■ **MATERIAL PROVIDED**
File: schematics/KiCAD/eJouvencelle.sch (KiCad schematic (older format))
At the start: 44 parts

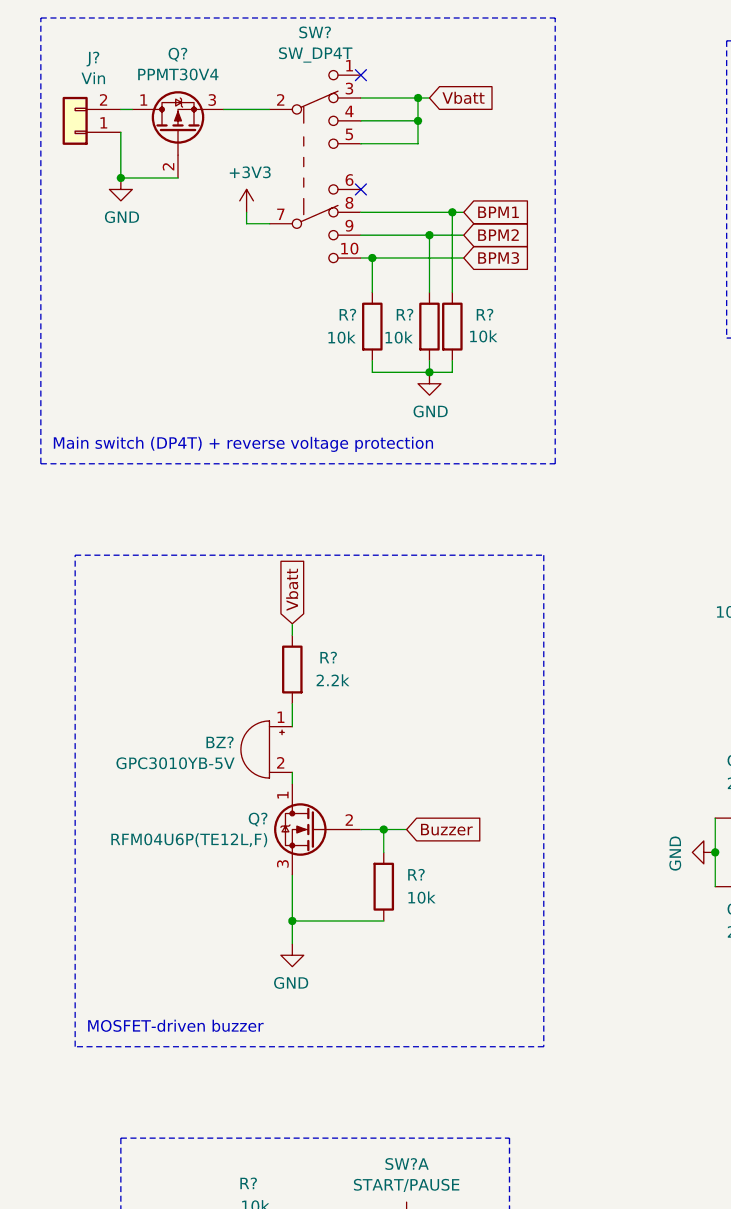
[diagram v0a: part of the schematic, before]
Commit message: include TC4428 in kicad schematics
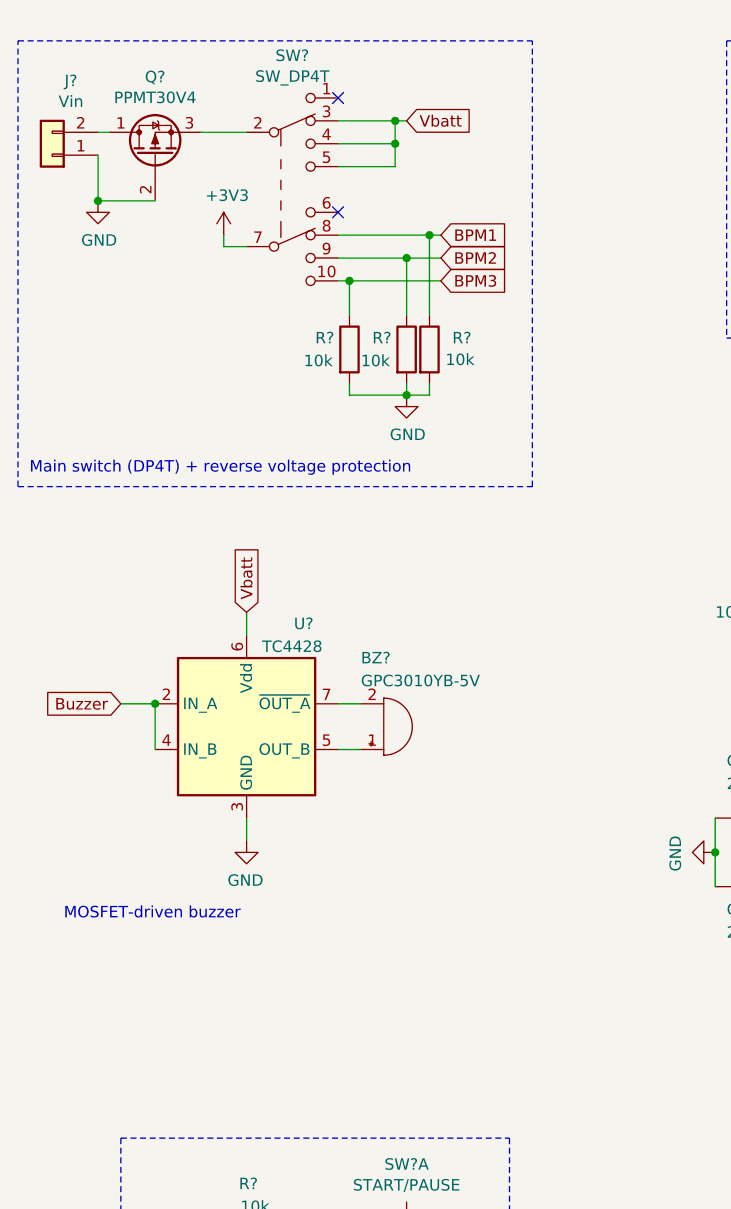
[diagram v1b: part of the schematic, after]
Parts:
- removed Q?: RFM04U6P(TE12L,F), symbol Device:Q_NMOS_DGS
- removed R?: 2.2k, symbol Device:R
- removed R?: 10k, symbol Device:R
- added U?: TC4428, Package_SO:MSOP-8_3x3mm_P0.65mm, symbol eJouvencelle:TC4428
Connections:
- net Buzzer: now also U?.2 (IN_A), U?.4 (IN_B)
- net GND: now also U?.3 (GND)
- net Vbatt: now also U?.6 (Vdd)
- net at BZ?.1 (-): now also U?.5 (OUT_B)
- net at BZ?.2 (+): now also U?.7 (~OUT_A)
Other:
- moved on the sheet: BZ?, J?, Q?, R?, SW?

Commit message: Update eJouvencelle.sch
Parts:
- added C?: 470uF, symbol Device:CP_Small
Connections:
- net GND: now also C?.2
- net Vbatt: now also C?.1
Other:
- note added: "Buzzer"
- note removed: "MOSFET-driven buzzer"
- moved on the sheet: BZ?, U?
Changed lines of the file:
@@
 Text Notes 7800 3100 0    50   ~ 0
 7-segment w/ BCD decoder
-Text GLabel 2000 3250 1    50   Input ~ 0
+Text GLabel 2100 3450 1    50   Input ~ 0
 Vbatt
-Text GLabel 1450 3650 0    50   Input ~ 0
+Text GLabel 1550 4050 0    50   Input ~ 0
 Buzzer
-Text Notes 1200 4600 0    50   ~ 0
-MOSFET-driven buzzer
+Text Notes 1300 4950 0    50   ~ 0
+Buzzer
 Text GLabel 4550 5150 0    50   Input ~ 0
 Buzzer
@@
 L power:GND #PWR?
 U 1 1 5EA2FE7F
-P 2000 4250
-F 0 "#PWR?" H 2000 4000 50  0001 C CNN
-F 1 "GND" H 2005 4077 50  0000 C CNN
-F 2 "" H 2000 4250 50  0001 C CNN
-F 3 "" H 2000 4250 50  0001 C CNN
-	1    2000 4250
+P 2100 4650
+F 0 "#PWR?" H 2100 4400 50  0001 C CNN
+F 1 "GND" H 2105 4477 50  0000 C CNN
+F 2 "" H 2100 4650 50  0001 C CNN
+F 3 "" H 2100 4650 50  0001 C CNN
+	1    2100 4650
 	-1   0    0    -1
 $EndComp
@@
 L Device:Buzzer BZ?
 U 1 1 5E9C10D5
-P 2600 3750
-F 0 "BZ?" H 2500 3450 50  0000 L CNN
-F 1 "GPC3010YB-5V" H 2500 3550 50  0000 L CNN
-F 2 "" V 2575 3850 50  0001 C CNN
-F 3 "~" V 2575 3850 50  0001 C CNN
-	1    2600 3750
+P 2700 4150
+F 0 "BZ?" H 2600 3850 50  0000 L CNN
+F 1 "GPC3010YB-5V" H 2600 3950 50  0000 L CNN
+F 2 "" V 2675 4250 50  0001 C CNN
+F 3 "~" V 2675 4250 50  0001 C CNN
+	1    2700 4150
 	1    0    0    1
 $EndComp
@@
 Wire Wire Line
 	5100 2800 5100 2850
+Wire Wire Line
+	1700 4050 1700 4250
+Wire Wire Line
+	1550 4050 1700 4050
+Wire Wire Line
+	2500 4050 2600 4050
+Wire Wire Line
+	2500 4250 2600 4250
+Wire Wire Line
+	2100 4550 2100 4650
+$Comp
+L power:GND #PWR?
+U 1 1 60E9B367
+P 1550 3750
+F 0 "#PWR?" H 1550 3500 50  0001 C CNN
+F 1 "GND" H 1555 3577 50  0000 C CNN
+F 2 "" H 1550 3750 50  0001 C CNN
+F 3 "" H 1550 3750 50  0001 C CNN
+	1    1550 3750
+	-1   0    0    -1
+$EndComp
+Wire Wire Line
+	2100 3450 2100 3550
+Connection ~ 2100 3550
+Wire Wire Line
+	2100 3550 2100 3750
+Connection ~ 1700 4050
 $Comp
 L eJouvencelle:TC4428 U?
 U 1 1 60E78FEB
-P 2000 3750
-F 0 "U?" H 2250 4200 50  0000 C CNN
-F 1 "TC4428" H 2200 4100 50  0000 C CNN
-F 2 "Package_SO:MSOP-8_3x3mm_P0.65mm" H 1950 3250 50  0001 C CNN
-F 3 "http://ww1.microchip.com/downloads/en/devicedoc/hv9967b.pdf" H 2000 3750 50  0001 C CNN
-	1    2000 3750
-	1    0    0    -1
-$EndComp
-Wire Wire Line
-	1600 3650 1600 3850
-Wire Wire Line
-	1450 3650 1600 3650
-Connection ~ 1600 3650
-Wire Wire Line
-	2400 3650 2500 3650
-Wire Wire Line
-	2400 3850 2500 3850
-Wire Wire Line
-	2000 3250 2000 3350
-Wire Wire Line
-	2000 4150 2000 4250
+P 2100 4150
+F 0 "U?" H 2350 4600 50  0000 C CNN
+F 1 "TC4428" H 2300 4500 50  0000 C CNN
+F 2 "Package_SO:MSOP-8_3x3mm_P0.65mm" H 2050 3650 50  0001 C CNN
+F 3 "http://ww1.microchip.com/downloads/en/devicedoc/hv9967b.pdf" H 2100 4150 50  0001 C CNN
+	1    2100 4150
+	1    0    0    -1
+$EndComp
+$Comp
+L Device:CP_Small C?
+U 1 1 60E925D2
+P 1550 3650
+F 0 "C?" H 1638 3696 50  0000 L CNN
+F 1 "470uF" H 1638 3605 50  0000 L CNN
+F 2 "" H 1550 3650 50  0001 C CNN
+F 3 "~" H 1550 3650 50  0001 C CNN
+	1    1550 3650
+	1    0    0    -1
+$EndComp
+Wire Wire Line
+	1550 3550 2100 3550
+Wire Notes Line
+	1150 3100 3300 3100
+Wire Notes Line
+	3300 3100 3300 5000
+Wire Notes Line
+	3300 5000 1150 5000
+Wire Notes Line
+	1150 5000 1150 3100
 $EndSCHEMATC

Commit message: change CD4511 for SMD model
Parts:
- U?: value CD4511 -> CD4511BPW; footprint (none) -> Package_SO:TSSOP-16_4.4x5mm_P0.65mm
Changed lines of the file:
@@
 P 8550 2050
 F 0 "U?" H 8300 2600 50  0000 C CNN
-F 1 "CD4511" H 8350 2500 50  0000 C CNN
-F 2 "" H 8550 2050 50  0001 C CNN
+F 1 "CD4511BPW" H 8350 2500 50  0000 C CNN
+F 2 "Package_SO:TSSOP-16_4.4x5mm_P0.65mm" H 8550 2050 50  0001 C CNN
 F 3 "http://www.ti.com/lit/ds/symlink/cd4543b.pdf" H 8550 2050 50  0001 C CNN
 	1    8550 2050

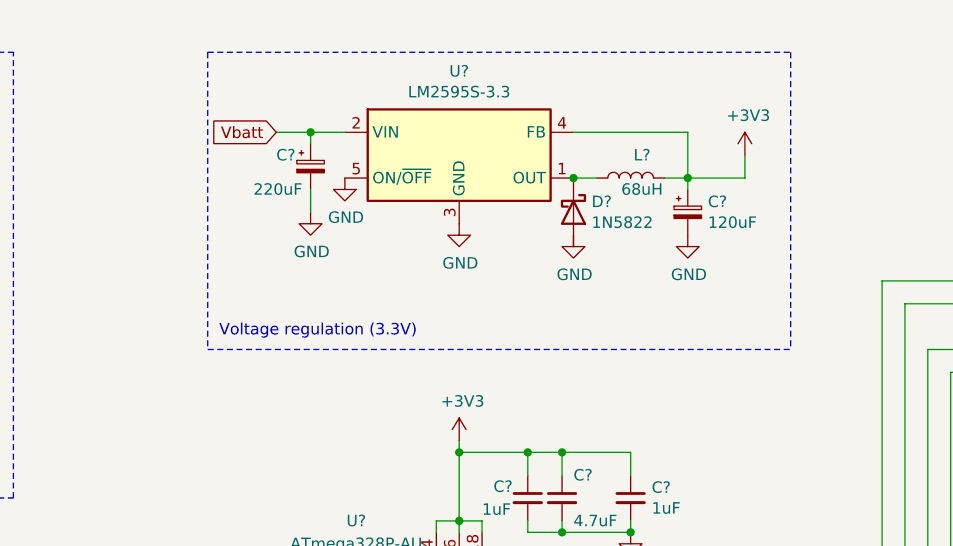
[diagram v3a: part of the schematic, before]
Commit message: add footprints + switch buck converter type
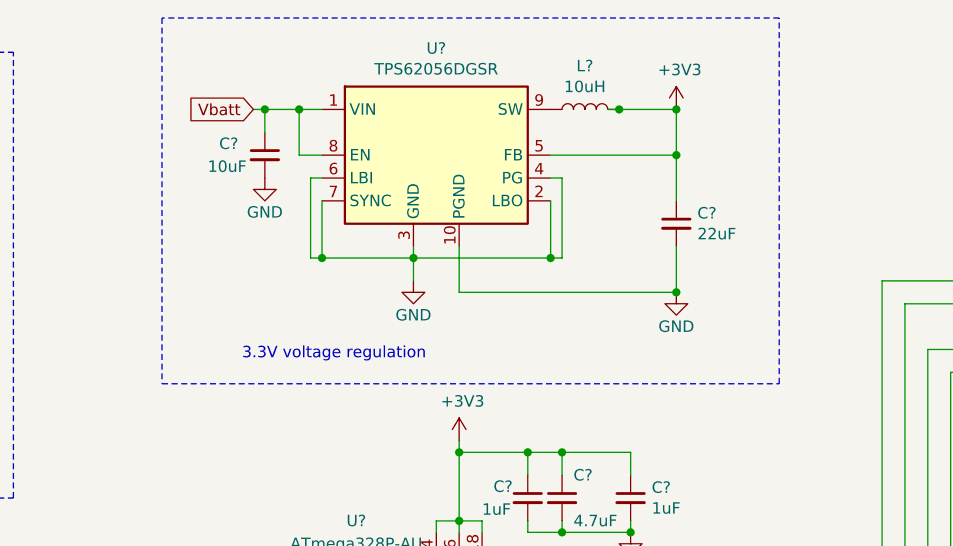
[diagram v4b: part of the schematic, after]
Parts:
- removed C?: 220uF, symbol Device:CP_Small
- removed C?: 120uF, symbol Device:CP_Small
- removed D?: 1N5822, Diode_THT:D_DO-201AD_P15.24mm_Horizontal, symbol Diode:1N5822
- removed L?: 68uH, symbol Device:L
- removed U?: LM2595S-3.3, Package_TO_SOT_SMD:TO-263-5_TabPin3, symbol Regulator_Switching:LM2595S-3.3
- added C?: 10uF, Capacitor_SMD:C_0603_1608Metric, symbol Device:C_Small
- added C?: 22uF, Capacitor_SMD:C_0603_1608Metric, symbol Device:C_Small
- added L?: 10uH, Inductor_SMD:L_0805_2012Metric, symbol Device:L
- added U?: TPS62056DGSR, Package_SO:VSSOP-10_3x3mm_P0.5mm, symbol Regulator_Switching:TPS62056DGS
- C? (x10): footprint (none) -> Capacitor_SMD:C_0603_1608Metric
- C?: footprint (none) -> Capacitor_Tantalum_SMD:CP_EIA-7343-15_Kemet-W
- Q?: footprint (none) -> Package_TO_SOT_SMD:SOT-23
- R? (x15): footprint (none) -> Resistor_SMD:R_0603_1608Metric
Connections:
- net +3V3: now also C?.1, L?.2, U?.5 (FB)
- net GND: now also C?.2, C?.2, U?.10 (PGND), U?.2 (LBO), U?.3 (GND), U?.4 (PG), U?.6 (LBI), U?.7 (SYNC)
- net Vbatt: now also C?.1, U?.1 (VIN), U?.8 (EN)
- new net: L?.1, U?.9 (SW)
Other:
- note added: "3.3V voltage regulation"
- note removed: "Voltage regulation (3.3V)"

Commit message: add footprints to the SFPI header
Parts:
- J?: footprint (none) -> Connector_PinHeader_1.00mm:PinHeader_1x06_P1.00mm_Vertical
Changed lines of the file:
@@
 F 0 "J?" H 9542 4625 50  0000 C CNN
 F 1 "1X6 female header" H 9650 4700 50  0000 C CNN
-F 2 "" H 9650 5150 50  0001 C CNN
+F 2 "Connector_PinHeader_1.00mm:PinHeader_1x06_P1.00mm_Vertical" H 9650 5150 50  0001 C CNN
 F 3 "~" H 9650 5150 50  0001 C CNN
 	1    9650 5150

■ **WHAT YOU WILL DO**
Find every line with "microchip" in the listing and state how many there are, nothing else.

■ **RESPONSE BELOW**
2